For the last test (Apache Roller), the testers switched who was using RA and again began
the process of trying to understand the source enough to patch the metasploit vulnerability. Both
testers also ran into the time limit for this test. Both testers soon found that the same OGNL issue
was being exploited in Roller as in Struts; furthermore, Roller actually included a version of
Struts that was being exploited by the metasploit module. However, in spite of this, the patch
14
was not any easier to construct; in fact, neither tester could find the exact location of the payload
execution, however the tester with RA demonstrated a much better understanding of the code
given their audit log.
DISCUSSION
Our first and primary goal was to assess whether a simple algorithm augmented auditor
understanding of code or not. To accomplish this goal, we made two contributions to the
program comprehension field: a novel understanding testing methodology, and a novel program
comprehension tool. We'll first discuss our proposed abstract outline of the testing framework,
and then our implementation and usage of it for our tests.
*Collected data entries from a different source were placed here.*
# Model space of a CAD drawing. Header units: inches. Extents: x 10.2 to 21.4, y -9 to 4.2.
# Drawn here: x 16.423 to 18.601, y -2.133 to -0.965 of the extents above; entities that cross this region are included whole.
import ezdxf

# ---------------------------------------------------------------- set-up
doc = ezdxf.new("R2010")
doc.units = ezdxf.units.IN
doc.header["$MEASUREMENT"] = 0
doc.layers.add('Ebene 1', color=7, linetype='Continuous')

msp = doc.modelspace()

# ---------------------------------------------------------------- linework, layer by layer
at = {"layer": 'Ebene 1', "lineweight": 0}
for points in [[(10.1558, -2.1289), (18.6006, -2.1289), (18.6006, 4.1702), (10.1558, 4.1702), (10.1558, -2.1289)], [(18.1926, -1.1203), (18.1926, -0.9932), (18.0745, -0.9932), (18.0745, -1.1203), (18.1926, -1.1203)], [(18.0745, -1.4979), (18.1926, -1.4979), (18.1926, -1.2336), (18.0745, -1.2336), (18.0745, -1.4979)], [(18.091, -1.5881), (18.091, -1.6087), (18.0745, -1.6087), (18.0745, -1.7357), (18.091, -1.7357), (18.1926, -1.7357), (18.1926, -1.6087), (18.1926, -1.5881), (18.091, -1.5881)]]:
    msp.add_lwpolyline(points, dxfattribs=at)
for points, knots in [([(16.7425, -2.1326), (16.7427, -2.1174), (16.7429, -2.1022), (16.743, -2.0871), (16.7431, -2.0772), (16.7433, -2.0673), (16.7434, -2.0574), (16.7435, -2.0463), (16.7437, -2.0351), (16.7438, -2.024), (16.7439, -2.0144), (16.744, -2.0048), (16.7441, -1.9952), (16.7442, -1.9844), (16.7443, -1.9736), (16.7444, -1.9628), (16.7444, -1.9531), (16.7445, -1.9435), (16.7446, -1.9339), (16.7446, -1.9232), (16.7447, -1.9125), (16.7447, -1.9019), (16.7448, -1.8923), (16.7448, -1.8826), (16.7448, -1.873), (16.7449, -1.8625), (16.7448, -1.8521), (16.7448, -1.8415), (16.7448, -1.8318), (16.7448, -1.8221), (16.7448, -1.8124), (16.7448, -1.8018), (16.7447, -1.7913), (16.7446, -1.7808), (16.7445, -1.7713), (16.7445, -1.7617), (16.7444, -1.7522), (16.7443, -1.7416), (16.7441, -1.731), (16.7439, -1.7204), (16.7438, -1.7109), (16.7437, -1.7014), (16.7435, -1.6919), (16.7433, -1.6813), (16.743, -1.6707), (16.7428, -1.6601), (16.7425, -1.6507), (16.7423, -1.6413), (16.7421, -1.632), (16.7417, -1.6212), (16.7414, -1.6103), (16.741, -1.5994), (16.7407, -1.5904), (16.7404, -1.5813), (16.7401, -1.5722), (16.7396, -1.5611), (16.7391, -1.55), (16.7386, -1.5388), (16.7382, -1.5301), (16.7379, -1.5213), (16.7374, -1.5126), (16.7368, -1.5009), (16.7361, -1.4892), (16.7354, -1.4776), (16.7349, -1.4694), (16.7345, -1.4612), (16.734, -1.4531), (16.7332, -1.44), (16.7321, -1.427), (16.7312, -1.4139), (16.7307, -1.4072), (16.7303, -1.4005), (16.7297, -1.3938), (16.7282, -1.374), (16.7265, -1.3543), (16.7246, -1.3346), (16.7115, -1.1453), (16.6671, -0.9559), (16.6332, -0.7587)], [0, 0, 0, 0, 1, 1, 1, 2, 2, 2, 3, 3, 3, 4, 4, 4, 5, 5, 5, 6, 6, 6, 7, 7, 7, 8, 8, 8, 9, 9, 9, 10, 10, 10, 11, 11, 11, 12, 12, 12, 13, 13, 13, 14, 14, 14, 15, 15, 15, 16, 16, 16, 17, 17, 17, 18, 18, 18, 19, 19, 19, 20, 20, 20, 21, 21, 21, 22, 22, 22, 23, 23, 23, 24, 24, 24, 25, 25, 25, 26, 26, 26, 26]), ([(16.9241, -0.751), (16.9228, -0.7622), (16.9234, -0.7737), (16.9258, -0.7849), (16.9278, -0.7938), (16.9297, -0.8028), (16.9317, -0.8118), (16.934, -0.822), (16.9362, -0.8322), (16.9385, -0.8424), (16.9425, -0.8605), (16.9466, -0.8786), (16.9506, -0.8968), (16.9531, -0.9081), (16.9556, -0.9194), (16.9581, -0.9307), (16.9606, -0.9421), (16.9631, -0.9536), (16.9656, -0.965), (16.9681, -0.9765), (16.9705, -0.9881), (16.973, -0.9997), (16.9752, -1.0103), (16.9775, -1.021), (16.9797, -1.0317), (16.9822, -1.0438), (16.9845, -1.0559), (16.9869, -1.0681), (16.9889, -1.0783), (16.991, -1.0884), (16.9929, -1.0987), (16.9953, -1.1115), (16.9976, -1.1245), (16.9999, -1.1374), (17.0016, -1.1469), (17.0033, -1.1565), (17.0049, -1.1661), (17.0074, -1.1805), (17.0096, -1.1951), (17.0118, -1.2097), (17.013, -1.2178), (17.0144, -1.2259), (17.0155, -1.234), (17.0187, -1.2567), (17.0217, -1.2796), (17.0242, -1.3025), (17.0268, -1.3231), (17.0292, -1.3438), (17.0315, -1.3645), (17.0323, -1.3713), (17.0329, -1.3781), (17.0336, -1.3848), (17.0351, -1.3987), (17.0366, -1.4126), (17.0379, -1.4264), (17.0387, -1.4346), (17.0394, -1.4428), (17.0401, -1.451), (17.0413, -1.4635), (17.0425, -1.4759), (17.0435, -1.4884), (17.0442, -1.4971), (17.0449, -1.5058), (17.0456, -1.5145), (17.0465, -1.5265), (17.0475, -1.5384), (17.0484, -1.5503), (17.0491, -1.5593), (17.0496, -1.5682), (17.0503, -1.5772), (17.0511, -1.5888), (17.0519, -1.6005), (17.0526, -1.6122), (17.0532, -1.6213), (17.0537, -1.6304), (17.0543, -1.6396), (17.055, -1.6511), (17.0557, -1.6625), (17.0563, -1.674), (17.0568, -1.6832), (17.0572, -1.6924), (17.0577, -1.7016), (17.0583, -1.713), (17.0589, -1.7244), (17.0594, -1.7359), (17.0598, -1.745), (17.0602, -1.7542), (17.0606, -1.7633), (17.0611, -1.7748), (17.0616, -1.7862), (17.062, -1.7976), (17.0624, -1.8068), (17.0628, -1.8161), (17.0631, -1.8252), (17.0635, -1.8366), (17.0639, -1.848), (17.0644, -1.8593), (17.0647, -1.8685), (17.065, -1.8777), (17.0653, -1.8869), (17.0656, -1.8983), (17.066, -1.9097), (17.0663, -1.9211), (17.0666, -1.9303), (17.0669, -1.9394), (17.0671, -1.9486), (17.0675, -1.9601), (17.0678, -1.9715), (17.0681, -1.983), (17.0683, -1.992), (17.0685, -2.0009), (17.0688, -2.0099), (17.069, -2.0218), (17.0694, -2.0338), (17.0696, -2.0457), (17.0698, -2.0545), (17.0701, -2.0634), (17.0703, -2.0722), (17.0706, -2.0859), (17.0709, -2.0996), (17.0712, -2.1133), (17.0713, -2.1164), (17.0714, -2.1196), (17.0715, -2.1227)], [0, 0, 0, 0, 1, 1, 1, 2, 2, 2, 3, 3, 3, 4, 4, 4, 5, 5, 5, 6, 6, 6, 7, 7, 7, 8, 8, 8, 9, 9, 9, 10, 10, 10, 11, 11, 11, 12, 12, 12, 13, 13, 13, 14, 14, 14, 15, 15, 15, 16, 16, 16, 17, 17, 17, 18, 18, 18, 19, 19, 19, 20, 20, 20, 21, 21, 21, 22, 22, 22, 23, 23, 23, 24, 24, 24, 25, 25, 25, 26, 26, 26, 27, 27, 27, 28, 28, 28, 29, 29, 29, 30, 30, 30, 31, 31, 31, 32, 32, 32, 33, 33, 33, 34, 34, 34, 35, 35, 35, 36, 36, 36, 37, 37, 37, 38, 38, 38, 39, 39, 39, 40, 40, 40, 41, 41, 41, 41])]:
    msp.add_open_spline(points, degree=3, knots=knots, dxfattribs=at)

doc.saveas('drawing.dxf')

During the development of our testing methodology, we were cognizant that evaluating
human understanding of anything, even of a computer program, is more of a psychological or
social science question than computer science one. Inherently, surmounting the qualitative nature
of this kind of analysis required creativity and a willingness to investigate analyses mostly
foreign to computer science. We suspect that the difficulty of quantitative analysis of human
understanding of programs is why there is such a lack of any comprehension analysis in modern
literature. This, however, is abundantly unacceptable, because as many niche program
comprehension algorithms gain undeniable, incremental improvements, there can be no
intelligent vectoring of effort based on what niche research fields are most beneficial to
realworld auditors, reverse engineers, and software engineers. To begin addressing this issue in
the program comprehension field we propose an abstract outline of a testing framework that
15
should be applied to existing tools to evaluate their efficacy to frontline auditors, reverse
engineers and others who require code source understanding:
1. Choose qualitative and quantitative metrics
2. Choose test corpus and testers
3. Conduct tests
4. Evaluate effectiveness of metrics, corpus and testers
5. If metrics acceptably relevant, evaluate results
6. Present results, metrics and metric effectiveness
We’ll now discuss how we applied this framework for testing RA.
For our qualitative metric, we drew on von Mayrhauser’s work and adopted recorded
anecdotal evidence. For the quantitative metric, we found no precedents to draw upon, but
decided to time our usage of our tool in order to patch a vulnerability to an available exploit and
compare our timing data to hopefully objectively determine if our tool added value to the code
auditing process or not. Since we lacked the time to solicit external testers and instead had to act
as testers ourselves, timing successful patch development to known exploits gave us a viable
method of testing and comparing our understanding to each other without having to know
anything about the code beforehand or collaborate during the testing to determine our respective
levels of understanding. Next, in evaluating our metrics, corpus and testers, we find that there is
much room for improvement.
First, our quantitative metric of timing was unhelpful in determining whether our tool
was beneficial or not. This is because we set a testing time limit of two hours, and both testers hit
16
the limit for both tests. Additionally, our stopping point for the timing amounted to “breaking”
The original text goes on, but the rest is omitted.